=== Exercise brief ===
With the images removed, return every line below exactly as it reads.

[Records drawn from a dataset]
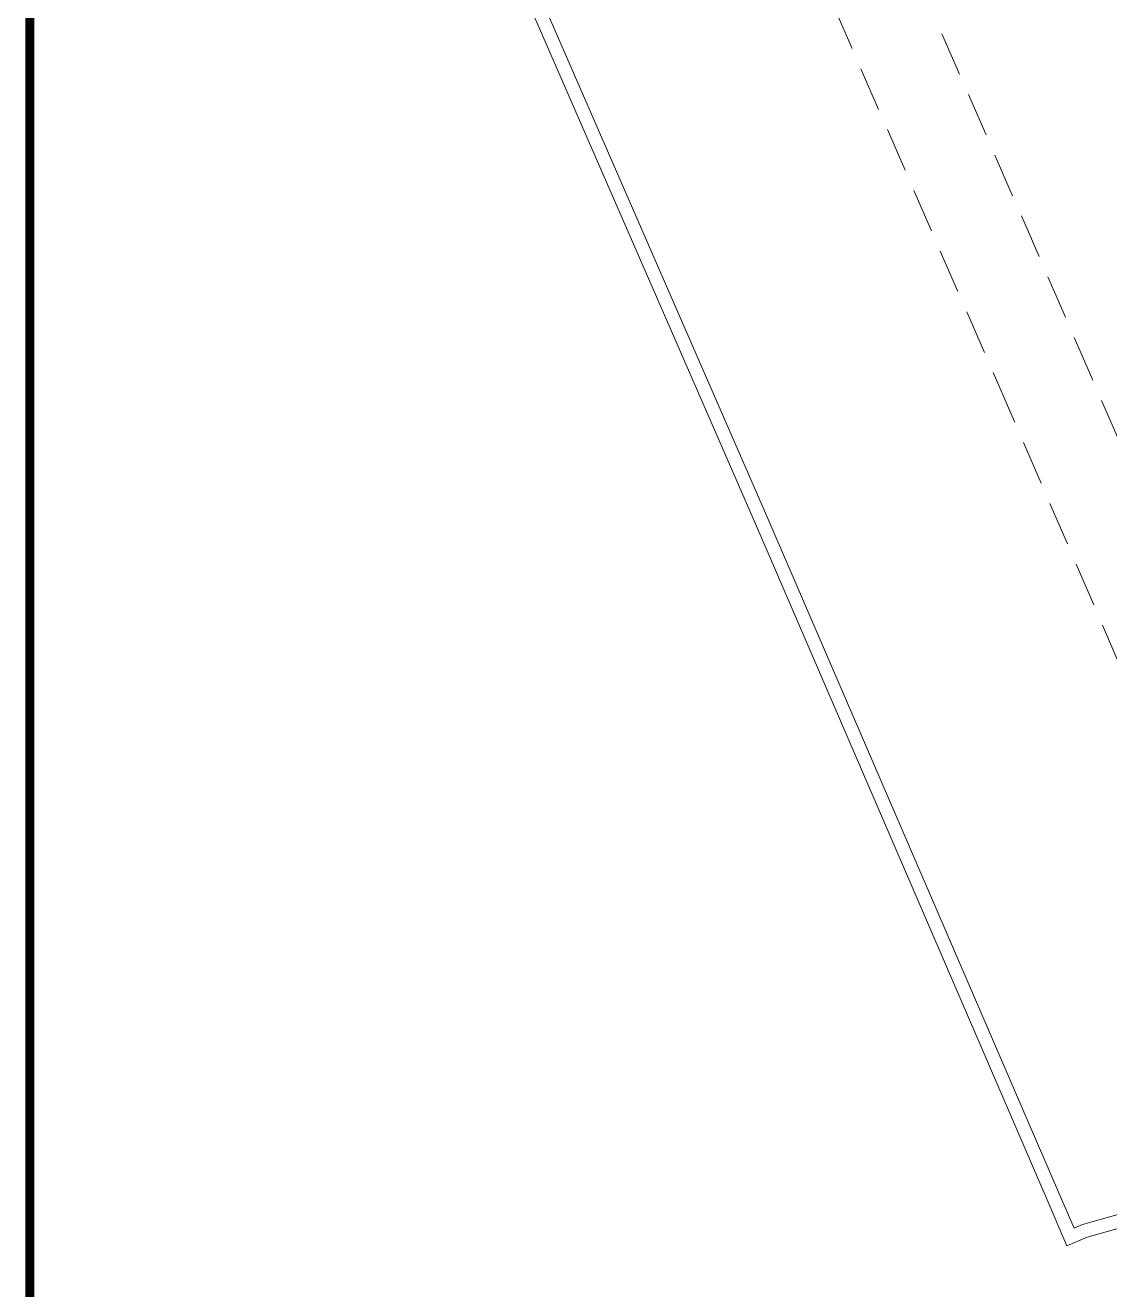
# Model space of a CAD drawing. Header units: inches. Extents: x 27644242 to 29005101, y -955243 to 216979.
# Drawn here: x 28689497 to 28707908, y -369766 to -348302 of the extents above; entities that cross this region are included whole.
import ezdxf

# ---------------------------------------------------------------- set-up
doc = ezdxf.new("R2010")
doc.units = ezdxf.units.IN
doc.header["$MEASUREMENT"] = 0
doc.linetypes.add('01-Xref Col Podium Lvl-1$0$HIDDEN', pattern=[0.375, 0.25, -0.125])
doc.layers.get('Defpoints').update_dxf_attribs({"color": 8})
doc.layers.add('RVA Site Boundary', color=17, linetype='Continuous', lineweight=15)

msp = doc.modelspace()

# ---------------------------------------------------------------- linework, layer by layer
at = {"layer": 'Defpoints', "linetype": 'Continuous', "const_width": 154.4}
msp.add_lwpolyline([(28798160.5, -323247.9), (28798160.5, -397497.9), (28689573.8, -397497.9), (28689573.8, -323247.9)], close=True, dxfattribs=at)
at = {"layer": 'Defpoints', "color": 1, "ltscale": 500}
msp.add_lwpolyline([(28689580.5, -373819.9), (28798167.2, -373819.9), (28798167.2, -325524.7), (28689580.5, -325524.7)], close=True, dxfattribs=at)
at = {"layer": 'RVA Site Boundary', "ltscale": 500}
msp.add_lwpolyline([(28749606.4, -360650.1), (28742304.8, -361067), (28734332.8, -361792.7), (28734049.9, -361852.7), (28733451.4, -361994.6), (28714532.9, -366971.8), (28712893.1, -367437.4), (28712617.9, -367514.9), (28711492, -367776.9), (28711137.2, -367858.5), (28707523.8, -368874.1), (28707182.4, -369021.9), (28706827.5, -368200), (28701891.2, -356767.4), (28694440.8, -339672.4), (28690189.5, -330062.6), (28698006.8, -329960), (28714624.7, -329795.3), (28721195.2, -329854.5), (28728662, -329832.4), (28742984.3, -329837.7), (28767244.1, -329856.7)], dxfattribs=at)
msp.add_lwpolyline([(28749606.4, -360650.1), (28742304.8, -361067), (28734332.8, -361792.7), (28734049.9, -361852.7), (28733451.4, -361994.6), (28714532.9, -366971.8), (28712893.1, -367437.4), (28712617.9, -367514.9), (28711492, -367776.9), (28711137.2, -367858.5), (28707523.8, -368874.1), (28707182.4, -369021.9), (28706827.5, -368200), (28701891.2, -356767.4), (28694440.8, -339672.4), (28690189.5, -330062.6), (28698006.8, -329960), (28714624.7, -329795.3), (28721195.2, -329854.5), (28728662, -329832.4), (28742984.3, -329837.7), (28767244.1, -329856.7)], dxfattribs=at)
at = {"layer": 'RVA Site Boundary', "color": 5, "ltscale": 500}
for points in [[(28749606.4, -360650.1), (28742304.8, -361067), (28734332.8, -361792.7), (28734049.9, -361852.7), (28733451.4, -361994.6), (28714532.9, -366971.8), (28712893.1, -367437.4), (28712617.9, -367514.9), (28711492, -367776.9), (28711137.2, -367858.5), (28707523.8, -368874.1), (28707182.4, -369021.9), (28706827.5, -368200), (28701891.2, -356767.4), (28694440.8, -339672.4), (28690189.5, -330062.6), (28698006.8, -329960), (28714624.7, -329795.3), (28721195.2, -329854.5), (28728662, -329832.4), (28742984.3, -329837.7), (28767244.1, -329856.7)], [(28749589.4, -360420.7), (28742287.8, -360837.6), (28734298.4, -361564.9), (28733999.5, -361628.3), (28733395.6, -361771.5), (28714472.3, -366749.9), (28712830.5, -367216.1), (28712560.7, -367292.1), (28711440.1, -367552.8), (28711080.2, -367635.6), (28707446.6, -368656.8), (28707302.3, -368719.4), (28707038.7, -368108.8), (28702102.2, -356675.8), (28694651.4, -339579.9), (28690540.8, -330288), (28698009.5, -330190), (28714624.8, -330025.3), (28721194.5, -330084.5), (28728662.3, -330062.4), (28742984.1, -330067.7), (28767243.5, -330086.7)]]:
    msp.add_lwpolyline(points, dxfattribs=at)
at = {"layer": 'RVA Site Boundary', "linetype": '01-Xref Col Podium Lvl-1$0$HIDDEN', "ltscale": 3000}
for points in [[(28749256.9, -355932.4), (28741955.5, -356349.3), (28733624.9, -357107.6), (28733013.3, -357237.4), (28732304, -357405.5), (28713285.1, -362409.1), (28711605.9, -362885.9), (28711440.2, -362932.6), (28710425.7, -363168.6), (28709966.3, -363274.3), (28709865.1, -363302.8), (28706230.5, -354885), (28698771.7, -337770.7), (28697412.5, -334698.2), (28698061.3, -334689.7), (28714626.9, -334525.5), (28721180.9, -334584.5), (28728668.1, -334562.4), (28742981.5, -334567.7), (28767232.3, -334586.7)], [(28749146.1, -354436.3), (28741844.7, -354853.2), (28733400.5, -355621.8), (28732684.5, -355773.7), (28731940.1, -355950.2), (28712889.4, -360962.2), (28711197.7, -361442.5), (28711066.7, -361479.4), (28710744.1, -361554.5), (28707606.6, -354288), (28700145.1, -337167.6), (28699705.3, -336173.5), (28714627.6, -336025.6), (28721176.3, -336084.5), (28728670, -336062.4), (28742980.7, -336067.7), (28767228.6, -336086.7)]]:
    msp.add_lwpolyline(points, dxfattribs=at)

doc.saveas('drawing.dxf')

=== Answer box ===
# Model space of a CAD drawing. Header units: inches. Extents: x 27644242 to 29005101, y -955243 to 216979.
# Drawn here: x 28689497 to 28707908, y -369766 to -348302 of the extents above; entities that cross this region are included whole.
import ezdxf

# ---------------------------------------------------------------- set-up
doc = ezdxf.new("R2010")
doc.units = ezdxf.units.IN
doc.header["$MEASUREMENT"] = 0
doc.linetypes.add('01-Xref Col Podium Lvl-1$0$HIDDEN', pattern=[0.375, 0.25, -0.125])
doc.layers.get('Defpoints').update_dxf_attribs({"color": 8})
doc.layers.add('RVA Site Boundary', color=17, linetype='Continuous', lineweight=15)

msp = doc.modelspace()

# ---------------------------------------------------------------- linework, layer by layer
at = {"layer": 'Defpoints', "linetype": 'Continuous', "const_width": 154.4}
msp.add_lwpolyline([(28798160.5, -323247.9), (28798160.5, -397497.9), (28689573.8, -397497.9), (28689573.8, -323247.9)], close=True, dxfattribs=at)
at = {"layer": 'Defpoints', "color": 1, "ltscale": 500}
msp.add_lwpolyline([(28689580.5, -373819.9), (28798167.2, -373819.9), (28798167.2, -325524.7), (28689580.5, -325524.7)], close=True, dxfattribs=at)
at = {"layer": 'RVA Site Boundary', "ltscale": 500}
msp.add_lwpolyline([(28749606.4, -360650.1), (28742304.8, -361067), (28734332.8, -361792.7), (28734049.9, -361852.7), (28733451.4, -361994.6), (28714532.9, -366971.8), (28712893.1, -367437.4), (28712617.9, -367514.9), (28711492, -367776.9), (28711137.2, -367858.5), (28707523.8, -368874.1), (28707182.4, -369021.9), (28706827.5, -368200), (28701891.2, -356767.4), (28694440.8, -339672.4), (28690189.5, -330062.6), (28698006.8, -329960), (28714624.7, -329795.3), (28721195.2, -329854.5), (28728662, -329832.4), (28742984.3, -329837.7), (28767244.1, -329856.7)], dxfattribs=at)
msp.add_lwpolyline([(28749606.4, -360650.1), (28742304.8, -361067), (28734332.8, -361792.7), (28734049.9, -361852.7), (28733451.4, -361994.6), (28714532.9, -366971.8), (28712893.1, -367437.4), (28712617.9, -367514.9), (28711492, -367776.9), (28711137.2, -367858.5), (28707523.8, -368874.1), (28707182.4, -369021.9), (28706827.5, -368200), (28701891.2, -356767.4), (28694440.8, -339672.4), (28690189.5, -330062.6), (28698006.8, -329960), (28714624.7, -329795.3), (28721195.2, -329854.5), (28728662, -329832.4), (28742984.3, -329837.7), (28767244.1, -329856.7)], dxfattribs=at)
at = {"layer": 'RVA Site Boundary', "color": 5, "ltscale": 500}
for points in [[(28749606.4, -360650.1), (28742304.8, -361067), (28734332.8, -361792.7), (28734049.9, -361852.7), (28733451.4, -361994.6), (28714532.9, -366971.8), (28712893.1, -367437.4), (28712617.9, -367514.9), (28711492, -367776.9), (28711137.2, -367858.5), (28707523.8, -368874.1), (28707182.4, -369021.9), (28706827.5, -368200), (28701891.2, -356767.4), (28694440.8, -339672.4), (28690189.5, -330062.6), (28698006.8, -329960), (28714624.7, -329795.3), (28721195.2, -329854.5), (28728662, -329832.4), (28742984.3, -329837.7), (28767244.1, -329856.7)], [(28749589.4, -360420.7), (28742287.8, -360837.6), (28734298.4, -361564.9), (28733999.5, -361628.3), (28733395.6, -361771.5), (28714472.3, -366749.9), (28712830.5, -367216.1), (28712560.7, -367292.1), (28711440.1, -367552.8), (28711080.2, -367635.6), (28707446.6, -368656.8), (28707302.3, -368719.4), (28707038.7, -368108.8), (28702102.2, -356675.8), (28694651.4, -339579.9), (28690540.8, -330288), (28698009.5, -330190), (28714624.8, -330025.3), (28721194.5, -330084.5), (28728662.3, -330062.4), (28742984.1, -330067.7), (28767243.5, -330086.7)]]:
    msp.add_lwpolyline(points, dxfattribs=at)
at = {"layer": 'RVA Site Boundary', "linetype": '01-Xref Col Podium Lvl-1$0$HIDDEN', "ltscale": 3000}
for points in [[(28749256.9, -355932.4), (28741955.5, -356349.3), (28733624.9, -357107.6), (28733013.3, -357237.4), (28732304, -357405.5), (28713285.1, -362409.1), (28711605.9, -362885.9), (28711440.2, -362932.6), (28710425.7, -363168.6), (28709966.3, -363274.3), (28709865.1, -363302.8), (28706230.5, -354885), (28698771.7, -337770.7), (28697412.5, -334698.2), (28698061.3, -334689.7), (28714626.9, -334525.5), (28721180.9, -334584.5), (28728668.1, -334562.4), (28742981.5, -334567.7), (28767232.3, -334586.7)], [(28749146.1, -354436.3), (28741844.7, -354853.2), (28733400.5, -355621.8), (28732684.5, -355773.7), (28731940.1, -355950.2), (28712889.4, -360962.2), (28711197.7, -361442.5), (28711066.7, -361479.4), (28710744.1, -361554.5), (28707606.6, -354288), (28700145.1, -337167.6), (28699705.3, -336173.5), (28714627.6, -336025.6), (28721176.3, -336084.5), (28728670, -336062.4), (28742980.7, -336067.7), (28767228.6, -336086.7)]]:
    msp.add_lwpolyline(points, dxfattribs=at)

doc.saveas('drawing.dxf')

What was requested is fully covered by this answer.